マウスピースによる改善・・違う型番のマウスピースをためす。
リガチュアーによる改善・・違う型番のリガチュアーをためす・・リガチュアーをマウスピースに対して下へさげる。
奏法による改善・・・・・・歯と歯の間を広くして吹く・・少し深くくわえて吹く・・・口の中の形を大きくする。

音質と音の大きさ、まずどちらを優先させて練習?
もし、自分の音が小さいと思うならまず音の大きさです。100%の音量で吹けば汚い音になるが、90%ならコントロール可能でしょう。でも今の100%を120%にまで大きくすることが出来れば、その時の90%は以前までの100%より大きい音なのにコントロール可能でしょう。◇音を大きくする練習と音を美しくする練習は同時に出来ないかもしれないが、美しい音で大きくも小さくも吹けるのが一番!!

芯のある音
芯のある音・・・抽象的な表現ですが、よく使う言葉ですね。音の芯ということは音の密度のことだと思います。

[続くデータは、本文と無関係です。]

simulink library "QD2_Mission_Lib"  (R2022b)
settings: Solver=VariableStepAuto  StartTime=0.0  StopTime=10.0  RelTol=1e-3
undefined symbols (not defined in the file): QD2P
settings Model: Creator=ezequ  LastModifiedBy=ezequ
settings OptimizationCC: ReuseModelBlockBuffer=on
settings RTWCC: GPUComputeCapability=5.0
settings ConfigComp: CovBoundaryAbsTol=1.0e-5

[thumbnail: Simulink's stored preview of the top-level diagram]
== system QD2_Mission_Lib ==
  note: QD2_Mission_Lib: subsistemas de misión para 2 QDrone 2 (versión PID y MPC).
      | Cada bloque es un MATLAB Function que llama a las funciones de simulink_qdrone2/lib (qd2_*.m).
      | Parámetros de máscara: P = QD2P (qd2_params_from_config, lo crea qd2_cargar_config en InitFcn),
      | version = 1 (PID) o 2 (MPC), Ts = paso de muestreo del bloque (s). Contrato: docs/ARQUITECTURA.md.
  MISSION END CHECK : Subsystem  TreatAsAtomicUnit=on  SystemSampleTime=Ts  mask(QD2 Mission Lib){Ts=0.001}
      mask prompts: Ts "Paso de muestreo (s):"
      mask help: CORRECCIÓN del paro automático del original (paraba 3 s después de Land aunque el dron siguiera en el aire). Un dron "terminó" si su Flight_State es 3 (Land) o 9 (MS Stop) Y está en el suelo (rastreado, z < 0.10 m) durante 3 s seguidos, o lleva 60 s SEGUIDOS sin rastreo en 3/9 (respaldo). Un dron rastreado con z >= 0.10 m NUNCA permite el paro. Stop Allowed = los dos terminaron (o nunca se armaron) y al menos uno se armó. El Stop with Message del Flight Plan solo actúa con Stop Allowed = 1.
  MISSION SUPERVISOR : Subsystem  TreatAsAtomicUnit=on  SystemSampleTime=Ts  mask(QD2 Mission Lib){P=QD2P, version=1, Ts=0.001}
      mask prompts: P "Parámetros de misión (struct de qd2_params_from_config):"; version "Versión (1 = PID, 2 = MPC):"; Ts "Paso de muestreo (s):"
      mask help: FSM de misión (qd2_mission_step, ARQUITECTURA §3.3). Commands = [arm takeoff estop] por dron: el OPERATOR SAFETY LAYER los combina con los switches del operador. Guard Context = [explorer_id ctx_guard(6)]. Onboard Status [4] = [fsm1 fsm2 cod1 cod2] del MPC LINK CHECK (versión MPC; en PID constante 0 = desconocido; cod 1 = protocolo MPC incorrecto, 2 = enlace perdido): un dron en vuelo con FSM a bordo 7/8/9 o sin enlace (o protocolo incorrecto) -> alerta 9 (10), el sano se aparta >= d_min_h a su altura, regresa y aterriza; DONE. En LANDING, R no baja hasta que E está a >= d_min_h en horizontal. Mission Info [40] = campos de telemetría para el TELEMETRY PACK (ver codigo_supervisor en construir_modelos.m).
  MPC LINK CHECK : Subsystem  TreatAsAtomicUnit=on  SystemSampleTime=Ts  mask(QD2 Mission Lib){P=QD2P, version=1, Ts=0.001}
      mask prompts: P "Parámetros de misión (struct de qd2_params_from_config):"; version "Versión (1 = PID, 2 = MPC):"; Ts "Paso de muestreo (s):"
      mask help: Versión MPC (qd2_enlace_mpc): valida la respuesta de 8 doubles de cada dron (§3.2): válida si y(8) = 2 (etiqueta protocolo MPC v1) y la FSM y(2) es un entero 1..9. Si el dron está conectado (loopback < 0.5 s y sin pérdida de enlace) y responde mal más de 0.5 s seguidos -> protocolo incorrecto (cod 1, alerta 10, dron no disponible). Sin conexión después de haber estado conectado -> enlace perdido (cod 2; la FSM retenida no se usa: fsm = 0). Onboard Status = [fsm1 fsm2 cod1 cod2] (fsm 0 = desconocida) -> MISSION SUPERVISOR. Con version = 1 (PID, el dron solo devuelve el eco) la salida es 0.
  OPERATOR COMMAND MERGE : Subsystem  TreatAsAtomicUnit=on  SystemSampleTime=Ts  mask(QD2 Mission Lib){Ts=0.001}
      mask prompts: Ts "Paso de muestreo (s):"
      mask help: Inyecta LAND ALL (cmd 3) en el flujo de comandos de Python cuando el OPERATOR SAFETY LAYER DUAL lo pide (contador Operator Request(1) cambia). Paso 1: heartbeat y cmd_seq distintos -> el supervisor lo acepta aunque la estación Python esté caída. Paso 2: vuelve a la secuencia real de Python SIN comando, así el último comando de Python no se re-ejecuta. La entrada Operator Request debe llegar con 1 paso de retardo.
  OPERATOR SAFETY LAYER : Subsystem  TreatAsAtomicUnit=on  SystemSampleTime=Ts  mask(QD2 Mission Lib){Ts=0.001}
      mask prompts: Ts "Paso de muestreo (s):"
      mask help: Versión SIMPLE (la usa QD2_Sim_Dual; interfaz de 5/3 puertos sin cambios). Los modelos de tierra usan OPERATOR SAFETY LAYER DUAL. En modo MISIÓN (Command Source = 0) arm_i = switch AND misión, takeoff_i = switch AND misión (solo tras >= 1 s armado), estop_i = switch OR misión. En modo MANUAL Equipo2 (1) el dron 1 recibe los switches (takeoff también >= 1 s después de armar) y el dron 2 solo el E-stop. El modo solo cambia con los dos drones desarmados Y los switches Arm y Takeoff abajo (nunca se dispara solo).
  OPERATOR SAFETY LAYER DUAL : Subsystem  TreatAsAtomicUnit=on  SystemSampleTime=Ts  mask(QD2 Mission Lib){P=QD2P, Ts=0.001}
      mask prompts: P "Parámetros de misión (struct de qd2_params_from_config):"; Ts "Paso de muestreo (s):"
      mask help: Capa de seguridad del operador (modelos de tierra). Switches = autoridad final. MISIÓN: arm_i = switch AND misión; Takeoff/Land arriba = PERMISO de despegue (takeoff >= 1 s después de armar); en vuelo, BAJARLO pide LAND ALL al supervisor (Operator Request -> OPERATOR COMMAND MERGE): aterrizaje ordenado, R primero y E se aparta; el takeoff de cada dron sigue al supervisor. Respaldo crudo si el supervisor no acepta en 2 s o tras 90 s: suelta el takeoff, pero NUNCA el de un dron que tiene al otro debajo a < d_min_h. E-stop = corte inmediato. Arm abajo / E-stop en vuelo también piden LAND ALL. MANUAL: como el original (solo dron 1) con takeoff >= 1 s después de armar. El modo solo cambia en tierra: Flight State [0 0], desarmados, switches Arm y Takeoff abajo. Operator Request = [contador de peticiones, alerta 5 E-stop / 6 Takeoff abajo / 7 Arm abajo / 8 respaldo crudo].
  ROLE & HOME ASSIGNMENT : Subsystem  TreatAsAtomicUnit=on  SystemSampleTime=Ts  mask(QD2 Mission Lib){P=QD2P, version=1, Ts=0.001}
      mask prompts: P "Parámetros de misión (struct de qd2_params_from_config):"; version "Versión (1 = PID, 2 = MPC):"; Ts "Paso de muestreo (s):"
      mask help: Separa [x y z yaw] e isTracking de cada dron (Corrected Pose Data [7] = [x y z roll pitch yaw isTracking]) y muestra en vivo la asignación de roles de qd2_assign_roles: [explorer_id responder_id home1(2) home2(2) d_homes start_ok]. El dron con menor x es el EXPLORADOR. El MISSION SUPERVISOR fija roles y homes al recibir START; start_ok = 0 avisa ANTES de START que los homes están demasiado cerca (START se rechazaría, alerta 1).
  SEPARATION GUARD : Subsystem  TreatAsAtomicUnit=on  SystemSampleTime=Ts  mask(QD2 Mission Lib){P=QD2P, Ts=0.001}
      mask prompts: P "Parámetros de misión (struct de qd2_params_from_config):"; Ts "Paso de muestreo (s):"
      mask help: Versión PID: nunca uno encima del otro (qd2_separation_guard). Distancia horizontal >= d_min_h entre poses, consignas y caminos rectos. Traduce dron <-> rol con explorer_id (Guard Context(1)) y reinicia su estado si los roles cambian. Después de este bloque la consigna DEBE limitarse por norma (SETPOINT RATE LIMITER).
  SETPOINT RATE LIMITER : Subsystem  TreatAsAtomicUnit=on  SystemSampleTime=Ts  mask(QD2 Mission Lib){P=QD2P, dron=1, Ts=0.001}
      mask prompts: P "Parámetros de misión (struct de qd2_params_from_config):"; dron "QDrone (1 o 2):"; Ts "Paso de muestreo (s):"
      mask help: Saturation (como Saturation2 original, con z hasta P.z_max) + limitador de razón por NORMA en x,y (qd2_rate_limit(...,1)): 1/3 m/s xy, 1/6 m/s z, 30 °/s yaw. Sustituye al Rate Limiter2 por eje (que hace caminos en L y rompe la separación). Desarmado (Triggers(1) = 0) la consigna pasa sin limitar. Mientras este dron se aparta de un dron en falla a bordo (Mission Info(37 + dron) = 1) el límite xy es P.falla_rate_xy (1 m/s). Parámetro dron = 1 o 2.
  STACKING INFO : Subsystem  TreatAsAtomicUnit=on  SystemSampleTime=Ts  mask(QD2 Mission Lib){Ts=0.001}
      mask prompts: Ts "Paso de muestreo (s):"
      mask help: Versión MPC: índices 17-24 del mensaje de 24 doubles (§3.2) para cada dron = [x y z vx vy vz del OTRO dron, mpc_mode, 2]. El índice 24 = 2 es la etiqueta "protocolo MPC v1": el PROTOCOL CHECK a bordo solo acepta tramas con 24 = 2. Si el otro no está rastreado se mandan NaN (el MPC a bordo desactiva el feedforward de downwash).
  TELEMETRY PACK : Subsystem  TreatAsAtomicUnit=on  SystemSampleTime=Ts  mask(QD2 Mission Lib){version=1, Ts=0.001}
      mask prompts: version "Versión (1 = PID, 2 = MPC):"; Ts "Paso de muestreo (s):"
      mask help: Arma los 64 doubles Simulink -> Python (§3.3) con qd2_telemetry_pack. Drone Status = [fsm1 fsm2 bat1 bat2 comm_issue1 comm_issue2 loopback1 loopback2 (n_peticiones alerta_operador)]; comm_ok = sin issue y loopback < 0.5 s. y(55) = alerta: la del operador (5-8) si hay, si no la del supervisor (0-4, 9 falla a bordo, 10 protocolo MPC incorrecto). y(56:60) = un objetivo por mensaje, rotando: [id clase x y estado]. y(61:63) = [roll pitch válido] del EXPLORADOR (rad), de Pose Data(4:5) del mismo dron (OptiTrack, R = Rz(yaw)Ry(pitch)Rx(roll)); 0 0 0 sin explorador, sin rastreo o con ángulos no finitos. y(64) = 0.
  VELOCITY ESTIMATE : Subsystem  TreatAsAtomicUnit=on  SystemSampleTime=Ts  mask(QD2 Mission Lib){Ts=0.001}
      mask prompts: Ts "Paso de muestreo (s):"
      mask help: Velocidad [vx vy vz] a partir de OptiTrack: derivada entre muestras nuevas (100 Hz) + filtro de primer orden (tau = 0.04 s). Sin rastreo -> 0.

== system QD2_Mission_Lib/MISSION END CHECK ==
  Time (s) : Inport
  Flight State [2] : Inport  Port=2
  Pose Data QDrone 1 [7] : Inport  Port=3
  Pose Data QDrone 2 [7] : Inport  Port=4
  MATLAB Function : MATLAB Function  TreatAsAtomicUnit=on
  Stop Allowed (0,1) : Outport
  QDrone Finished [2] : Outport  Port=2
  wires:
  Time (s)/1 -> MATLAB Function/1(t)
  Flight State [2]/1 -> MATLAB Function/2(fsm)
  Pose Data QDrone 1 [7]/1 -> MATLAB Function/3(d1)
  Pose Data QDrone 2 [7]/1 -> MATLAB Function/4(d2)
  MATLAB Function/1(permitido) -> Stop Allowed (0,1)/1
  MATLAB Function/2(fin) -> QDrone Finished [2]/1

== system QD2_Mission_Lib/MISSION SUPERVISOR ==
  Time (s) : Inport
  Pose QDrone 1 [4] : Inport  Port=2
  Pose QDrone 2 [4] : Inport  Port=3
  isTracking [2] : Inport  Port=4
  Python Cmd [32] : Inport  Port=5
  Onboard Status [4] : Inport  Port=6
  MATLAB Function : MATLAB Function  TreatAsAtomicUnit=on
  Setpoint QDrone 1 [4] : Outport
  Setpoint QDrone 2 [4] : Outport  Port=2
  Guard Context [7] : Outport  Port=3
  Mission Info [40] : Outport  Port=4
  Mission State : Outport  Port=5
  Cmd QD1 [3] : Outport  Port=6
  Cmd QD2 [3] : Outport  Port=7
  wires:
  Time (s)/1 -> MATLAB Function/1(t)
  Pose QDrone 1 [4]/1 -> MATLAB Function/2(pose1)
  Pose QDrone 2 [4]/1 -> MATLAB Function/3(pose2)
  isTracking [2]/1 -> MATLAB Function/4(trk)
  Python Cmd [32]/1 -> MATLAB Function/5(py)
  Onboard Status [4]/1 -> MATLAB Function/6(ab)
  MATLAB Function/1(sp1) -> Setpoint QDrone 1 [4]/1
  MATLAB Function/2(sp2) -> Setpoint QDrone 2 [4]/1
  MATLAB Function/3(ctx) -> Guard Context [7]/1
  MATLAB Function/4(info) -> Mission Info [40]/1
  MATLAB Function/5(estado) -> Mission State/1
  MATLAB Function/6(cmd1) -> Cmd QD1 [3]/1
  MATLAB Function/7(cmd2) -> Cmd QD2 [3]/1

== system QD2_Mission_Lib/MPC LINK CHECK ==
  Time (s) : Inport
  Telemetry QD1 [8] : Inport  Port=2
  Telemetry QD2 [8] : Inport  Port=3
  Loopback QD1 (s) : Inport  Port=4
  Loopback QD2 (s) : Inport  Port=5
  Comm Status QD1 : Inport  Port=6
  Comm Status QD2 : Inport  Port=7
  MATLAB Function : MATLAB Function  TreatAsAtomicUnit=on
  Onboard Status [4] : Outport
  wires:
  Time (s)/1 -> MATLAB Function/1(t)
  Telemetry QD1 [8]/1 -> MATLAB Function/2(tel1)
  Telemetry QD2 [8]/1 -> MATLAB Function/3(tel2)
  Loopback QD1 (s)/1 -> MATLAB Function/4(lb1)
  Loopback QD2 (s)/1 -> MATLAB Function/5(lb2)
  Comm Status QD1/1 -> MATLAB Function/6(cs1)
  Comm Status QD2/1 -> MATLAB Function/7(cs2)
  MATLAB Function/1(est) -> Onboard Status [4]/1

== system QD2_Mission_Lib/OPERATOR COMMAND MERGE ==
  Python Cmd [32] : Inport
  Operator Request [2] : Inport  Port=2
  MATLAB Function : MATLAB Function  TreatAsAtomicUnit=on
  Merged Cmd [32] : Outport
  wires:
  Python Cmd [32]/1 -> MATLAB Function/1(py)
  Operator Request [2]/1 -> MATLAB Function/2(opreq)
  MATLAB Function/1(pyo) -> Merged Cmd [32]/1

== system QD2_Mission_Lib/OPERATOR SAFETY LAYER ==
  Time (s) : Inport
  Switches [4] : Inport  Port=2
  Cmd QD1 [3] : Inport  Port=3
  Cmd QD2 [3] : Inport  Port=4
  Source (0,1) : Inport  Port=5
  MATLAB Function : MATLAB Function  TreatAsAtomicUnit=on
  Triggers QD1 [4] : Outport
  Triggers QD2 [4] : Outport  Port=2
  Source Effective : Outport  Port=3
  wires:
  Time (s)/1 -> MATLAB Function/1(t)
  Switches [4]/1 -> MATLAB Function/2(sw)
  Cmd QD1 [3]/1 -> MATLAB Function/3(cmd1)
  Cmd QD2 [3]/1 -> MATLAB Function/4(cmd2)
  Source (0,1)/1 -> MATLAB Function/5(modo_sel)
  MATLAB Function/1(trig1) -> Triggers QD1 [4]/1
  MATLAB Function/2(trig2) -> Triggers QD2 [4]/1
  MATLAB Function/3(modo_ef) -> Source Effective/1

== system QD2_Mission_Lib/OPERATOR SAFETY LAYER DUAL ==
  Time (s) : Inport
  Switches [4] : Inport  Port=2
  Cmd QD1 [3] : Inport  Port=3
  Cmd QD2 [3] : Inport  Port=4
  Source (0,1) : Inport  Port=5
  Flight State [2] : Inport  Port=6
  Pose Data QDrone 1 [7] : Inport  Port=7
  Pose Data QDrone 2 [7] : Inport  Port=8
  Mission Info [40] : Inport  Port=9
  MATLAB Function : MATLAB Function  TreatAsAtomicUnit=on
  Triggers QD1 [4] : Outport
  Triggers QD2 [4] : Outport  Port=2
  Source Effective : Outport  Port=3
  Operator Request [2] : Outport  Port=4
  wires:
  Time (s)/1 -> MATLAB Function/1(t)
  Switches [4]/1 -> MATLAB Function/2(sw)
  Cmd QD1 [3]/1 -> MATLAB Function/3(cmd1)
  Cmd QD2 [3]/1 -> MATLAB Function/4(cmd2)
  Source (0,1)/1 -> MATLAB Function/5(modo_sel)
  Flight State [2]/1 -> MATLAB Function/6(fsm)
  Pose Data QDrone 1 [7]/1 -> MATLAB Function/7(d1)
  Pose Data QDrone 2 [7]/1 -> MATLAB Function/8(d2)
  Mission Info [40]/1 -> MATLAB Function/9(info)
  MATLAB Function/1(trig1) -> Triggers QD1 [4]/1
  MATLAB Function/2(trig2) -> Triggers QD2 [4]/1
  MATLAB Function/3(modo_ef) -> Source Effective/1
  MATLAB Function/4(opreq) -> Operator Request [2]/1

楽器から出た音が、その時から・・・
 ◇広がってゆく・・・・・・・・・・・・音の密度が低くなってゆく
 ◇真っ直ぐ進む・・・・・・・・・・・・音の密度が一定である
 ◇一つの点に向かって集中してゆく・・・音の密度が高くなってゆく
音に芯(中心に核)があるということは、芯の存在だけではなく、その回りに芯を包込む柔らかな部分の存在を忘れてはいけません。この柔らかさは唇(アンブッシャー)の柔らかさと基本的に同じです。

伸びる音
音を出すでしょう・・・その音を・・・後から出てくる音で押すわけ・・・
で、その後から出てくる音で・・・また押すわけ・・・すると、最初の音は
先の先へ行ってて・・・音が遠くに到達するわけ・・・音は常に移動する!
これを音が伸びるといいます。

強い音を美しく吹くには
強い音(アタックの強さ)大きい音(息を多く)と、豊かな響きは違うものです。
速く、大きく吹く時は、アタックに頼らず、多くの息を使うと良いとおもいます。
タンギングは音の始まりより、音の切り方(処理の仕方)に注意すべきでしょう。
器楽的な曲であっても、演奏する時には、メロディを歌うように、和音を大切に。
一番大切な事は、美しくありたいと思う(願う)事です、演奏するのは自分です

曲になると音が汚くなる
ロングトーンの練習の時は、音のことだけを考えて吹いていますが、曲の練習になると、楽譜を読み、指を動かし、テンポを意識します。同時に幾つもの事をこなす事は大変ですが、音の美しさを保って下さい。楽譜を読む力やテクニックが付いてくると少しずつ出来るようになるでしょう。